Broad Street Baptist Church was a former Baptist Church in Nottingham from 1818 to 1901. The building is now occupied by the Revolution bar.

==History==

The church was established as a General Baptist Church in 1817 when a schism split the congregation of Stoney Street Baptist Church, and the ousted minister, Rev. Robert Smith, took his followers to set up a new church. New buildings were erected in Broad Street in 1818, and adjacent Sunday School buildings followed a few years later.

In 1842 the congregation received an invitation from the nearby George Street Particular Baptist Church suggesting a joint celebration of the 50th anniversary of the Particular Baptist Missionary Society. Although this didn't initially result in closer co-operation, further initiatives a few years later resulted in a closer working relationship with other Baptist groups through the Baptist Union.

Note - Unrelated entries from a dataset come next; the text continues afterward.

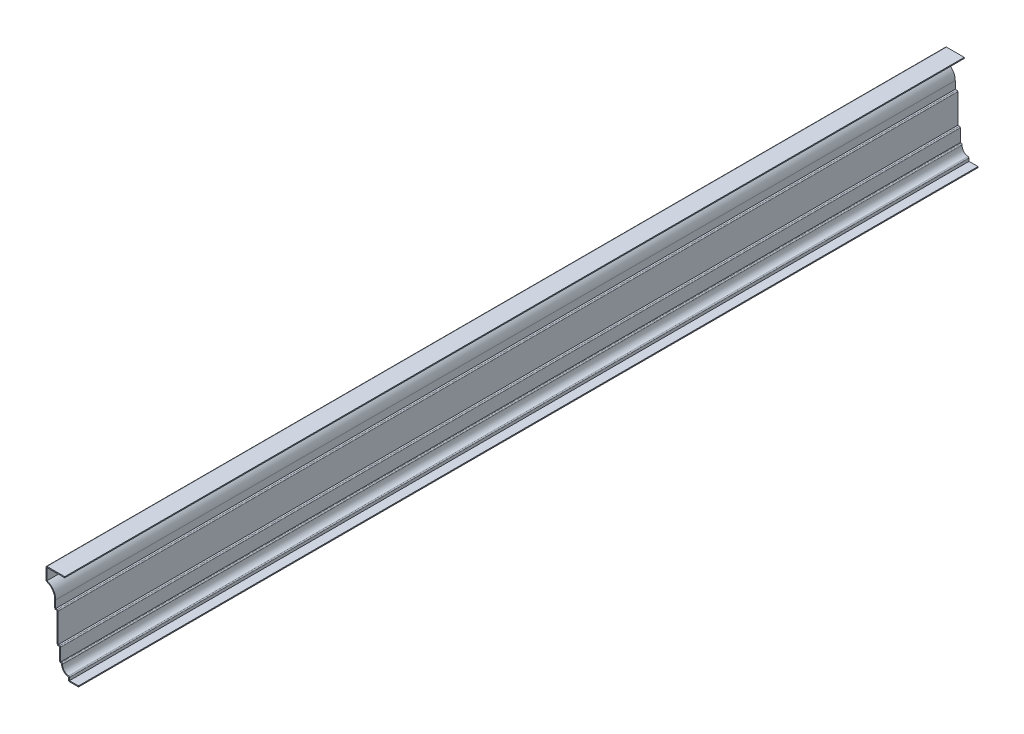
from build123d import *

# Parameters (mm, degrees)
EXTRUDE_THIN1_DEPTH = 1143
FILLET1_R           = 1.27


with BuildPart() as part:
    # Sketch1 → Extrude-Thin1 (new body)
    with BuildSketch(Plane.XY):
        with BuildLine():
            Line((0, 0), (-12.7, 0))
            Line((-12.7, 0), (-12.7, 4.7625))
            ThreePointArc((-12.7, 4.7625), (-19.213209814, 8.104687849), (-21.43125, 15.08125))
            Line((-21.43125, 15.08125), (-23.8125, 15.08125))
            Line((-23.8125, 15.08125), (-23.8125, 32.54375))
            Line((-23.8125, 32.54375), (-26.9875, 32.54375))
            Line((-26.9875, 32.54375), (-26.9875, 70.64375))
            Line((-26.9875, 70.64375), (-30.1625, 70.64375))
            Line((-30.1625, 70.64375), (-30.1625, 81.494072169))
            ThreePointArc((-30.1625, 81.494072169), (-33.258387834, 90.648043728), (-41.275, 96.04375))
            Line((-41.275, 96.04375), (-41.275, 112.7125))
            Line((-41.275, 112.7125), (-17.4625, 112.7125))
            Line((-17.4625, 112.7125), (-17.4625, 111.4425))
            Line((-17.4625, 111.4425), (-40.005, 111.4425))
            Line((-40.005, 111.4425), (-40.005, 96.983387034))
            ThreePointArc((-40.005, 96.983387034), (-31.95797777, 91.025684457), (-28.8925, 81.494072169))
            Line((-28.8925, 81.494072169), (-28.8925, 71.91375))
            Line((-28.8925, 71.91375), (-25.7175, 71.91375))
            Line((-25.7175, 71.91375), (-25.7175, 33.81375))
            Line((-25.7175, 33.81375), (-22.5425, 33.81375))
            Line((-22.5425, 33.81375), (-22.5425, 16.35125))
            Line((-22.5425, 16.35125), (-19.926963078, 16.35125))
            ThreePointArc((-19.926963078, 16.35125), (-18.318060907, 9.014168003), (-11.43, 6.018178122))
            Line((-11.43, 6.018178122), (-11.43, 1.27))
            Line((-11.43, 1.27), (0, 1.27))
            Line((0, 1.27), (0, 0))
        make_face()
    extrude(amount=-EXTRUDE_THIN1_DEPTH)

    # Fillet1
    fillet1_edges = [part.edges().sort_by_distance(p)[0] for p in [
        (-25.7175, 71.91375, -571.5),
        (-22.5425, 33.81375, -571.5),
        (-19.926963078, 16.35125, -571.5),
        (-11.43, 6.018178122, -571.5),
        (-12.7, 0, -571.5),
        (-23.8125, 15.08125, -571.5),
        (-26.9875, 32.54375, -571.5),
        (-30.1625, 70.64375, -571.5),
        (-41.275, 96.04375, -571.5),
        (-41.275, 112.7125, -571.5),
    ]]
    fillet(fillet1_edges, radius=FILLET1_R)


solid = part.part

The congregation sponsored the development of other Baptist Churches, and in 1859 contributed towards the building of Daybrook Baptist Church.

The chapel merged with Milton Street General Baptist chapel (later Mansfield Road Baptist Church) in 1901.

The chapel was converted to a lace warehouse in 1903 by Hedley John Price, and then in the late 20th century to the Revolution bar. The Sunday School building became another bar, Muse.

==Ministers==
- Robert Smith
- Adam Smith
- Richard Ingham 1834 - 1838
- W.R. Stevenson 1851 - 1876

==Organ==

The church used stringed instruments until a harmonium was purchased in 1857. In 1869 a new pipe organ was installed by local builder Lloyd and Dudgeon.